I can't think either or find words just.......


----------



## Native_EWD (Nov 5, 2014)

Camera? Is that the word? haha Hes reaction will be, it was very tight, dark and wet. Such a vital and important experiment!


----------



## Prof_Moreliarty (Nov 5, 2014)

Maybe he just wants to prove a snake can eat a human?...


----------



## Beans (Nov 6, 2014)

The poor snake though.


----------



## princessparrot (Nov 6, 2014)

What is he planning to do once he's inside?


----------



## Dr-Zoidberg (Nov 6, 2014)

Prof_Moreliarty said:


> Maybe he just wants to prove a snake can eat a human?...

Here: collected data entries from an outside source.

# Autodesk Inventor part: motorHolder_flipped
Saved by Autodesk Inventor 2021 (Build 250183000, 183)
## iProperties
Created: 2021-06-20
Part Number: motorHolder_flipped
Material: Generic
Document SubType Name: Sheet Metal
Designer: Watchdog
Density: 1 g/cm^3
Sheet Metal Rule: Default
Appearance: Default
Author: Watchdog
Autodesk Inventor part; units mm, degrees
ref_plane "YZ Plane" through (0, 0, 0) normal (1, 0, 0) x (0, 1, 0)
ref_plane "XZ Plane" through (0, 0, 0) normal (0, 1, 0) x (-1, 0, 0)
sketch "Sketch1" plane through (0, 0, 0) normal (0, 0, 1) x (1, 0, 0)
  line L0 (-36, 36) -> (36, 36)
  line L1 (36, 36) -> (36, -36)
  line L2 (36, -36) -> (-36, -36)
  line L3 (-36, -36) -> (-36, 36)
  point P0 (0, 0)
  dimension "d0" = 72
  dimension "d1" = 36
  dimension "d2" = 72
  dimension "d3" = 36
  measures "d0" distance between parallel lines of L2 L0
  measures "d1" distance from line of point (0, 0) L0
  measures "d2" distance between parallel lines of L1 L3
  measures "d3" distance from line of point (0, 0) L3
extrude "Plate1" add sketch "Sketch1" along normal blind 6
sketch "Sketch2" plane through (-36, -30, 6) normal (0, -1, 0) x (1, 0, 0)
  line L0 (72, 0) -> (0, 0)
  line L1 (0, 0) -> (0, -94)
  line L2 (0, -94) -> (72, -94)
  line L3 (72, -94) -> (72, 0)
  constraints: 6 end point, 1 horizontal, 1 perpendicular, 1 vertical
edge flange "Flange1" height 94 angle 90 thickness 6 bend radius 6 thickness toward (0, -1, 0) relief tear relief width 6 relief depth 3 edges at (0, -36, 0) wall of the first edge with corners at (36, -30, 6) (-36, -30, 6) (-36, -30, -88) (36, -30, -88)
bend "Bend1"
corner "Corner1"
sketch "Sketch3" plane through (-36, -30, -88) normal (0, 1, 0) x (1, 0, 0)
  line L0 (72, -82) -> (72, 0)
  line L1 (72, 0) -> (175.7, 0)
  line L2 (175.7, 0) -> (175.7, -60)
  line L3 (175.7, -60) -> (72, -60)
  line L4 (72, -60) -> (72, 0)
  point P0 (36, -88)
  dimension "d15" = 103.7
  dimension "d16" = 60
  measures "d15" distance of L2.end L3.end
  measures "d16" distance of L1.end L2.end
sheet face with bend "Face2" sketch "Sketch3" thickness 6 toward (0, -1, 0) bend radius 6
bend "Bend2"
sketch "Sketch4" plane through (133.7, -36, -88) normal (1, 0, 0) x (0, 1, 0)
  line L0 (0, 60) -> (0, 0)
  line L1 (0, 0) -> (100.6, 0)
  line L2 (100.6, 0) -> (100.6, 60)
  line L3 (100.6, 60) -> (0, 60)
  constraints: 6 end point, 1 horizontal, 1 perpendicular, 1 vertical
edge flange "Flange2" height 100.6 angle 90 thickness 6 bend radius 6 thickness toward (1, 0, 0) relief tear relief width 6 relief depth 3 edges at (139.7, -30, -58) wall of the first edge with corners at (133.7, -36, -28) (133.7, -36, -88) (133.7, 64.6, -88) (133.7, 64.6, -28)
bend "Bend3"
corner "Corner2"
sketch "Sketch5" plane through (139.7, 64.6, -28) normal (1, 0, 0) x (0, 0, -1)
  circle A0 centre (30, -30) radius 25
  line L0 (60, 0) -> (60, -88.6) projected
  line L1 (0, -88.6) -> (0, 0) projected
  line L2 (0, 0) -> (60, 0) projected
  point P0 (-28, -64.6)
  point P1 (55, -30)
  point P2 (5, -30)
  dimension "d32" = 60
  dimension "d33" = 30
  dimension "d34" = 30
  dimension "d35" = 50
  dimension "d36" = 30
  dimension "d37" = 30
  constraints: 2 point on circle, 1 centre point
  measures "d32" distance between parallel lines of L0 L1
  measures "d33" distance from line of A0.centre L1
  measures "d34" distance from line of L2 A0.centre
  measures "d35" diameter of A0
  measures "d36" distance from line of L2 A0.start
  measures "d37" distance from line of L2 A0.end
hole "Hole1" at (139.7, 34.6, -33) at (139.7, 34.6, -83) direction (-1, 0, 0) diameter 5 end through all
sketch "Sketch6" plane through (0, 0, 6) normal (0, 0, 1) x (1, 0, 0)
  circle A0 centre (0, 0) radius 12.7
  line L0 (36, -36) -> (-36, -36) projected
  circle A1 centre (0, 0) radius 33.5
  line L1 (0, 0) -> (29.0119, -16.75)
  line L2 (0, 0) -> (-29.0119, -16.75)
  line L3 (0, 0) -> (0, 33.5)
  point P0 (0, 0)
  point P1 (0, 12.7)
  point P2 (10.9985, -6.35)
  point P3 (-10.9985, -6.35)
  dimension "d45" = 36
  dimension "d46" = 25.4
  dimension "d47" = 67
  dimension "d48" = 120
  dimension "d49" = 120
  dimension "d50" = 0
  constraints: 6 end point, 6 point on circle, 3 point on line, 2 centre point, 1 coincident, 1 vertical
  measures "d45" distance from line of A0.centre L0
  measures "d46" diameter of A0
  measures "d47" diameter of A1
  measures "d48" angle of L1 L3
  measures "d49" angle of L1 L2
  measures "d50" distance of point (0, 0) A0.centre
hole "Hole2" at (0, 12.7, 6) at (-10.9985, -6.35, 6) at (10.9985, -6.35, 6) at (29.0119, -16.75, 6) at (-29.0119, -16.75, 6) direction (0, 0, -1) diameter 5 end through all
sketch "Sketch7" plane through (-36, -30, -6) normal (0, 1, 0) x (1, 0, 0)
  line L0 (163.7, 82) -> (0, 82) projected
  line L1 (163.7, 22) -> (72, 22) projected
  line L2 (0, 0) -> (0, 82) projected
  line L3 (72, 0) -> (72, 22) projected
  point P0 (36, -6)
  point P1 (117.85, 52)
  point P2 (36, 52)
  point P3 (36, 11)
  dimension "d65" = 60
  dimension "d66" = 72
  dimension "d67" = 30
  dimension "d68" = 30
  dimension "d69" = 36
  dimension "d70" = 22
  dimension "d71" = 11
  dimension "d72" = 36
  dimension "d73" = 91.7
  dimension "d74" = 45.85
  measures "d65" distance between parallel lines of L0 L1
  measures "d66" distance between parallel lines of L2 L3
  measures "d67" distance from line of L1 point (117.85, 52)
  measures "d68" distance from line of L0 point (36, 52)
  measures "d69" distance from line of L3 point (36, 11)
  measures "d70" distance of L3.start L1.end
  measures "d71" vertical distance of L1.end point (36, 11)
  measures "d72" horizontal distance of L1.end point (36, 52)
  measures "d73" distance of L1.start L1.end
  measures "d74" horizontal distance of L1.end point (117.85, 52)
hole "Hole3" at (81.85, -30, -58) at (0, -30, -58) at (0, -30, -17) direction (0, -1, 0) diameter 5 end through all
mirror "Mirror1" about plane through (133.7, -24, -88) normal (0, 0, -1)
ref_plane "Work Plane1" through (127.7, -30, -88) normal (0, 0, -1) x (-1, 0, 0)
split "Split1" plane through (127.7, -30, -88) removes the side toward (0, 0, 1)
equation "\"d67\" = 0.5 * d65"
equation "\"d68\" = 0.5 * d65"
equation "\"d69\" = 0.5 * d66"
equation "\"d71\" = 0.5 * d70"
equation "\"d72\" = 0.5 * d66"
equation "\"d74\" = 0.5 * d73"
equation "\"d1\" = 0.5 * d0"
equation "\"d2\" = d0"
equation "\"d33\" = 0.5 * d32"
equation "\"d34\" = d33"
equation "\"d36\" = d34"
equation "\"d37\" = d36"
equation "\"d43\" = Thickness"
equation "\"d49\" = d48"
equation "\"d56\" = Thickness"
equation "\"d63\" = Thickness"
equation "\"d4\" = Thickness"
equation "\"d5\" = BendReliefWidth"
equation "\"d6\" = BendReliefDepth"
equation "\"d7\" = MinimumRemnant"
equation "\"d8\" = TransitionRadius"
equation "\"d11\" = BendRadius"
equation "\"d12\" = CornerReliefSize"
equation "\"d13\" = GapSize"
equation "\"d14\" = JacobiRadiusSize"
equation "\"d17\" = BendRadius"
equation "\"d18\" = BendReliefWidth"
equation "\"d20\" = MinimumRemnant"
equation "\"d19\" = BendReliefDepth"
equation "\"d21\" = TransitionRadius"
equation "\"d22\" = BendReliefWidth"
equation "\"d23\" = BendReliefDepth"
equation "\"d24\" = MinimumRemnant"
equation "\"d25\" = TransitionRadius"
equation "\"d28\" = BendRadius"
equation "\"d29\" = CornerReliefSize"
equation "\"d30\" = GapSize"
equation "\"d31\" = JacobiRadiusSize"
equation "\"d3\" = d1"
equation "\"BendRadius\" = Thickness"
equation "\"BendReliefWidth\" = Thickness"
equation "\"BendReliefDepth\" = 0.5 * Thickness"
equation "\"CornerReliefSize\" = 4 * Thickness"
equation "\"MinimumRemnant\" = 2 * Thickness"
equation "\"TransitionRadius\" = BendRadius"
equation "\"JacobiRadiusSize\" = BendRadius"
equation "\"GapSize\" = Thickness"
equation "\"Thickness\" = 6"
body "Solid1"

It's already known big snakes can swallow humans, there are a few cases of African rock pythons swallowing children. There are also cases involving reticulated pythons swallowing men, women and children.


----------



## arevenant (Nov 6, 2014)

hopefully the snake decides to constrict him enough to fail the suit.


----------



## Dr-Zoidberg (Nov 6, 2014)

I wonder what end he plans to come out.


----------



## Brownbird (Nov 7, 2014)

This cannot possibly be legit.....even if there was a snake big enough to swallow an adult, whatever protective suit he has on would be too bulky.
I assume the snake would die if it did indeed swallow smething that big and undigestable?


----------



## Prof_Moreliarty (Nov 7, 2014)

Found this comment from PETA posted 6 hrs ago.

The statement continued: "Whatever the filmmaker has planned, the snake will likely pay the ultimate price, as animals usually do when they're used for entertainment. PETA has reached out to the Discovery Channel and asked them to pull the show, whether it is a hoax or not."

So not sure if hoax or not... I'll go with hoax/ build interest in new Show


----------



## princessparrot (Dec 3, 2014)

https://au.news.yahoo.com/thewest/a/25666404/eaten-alive-anaconda-man-explains-stunt/


----------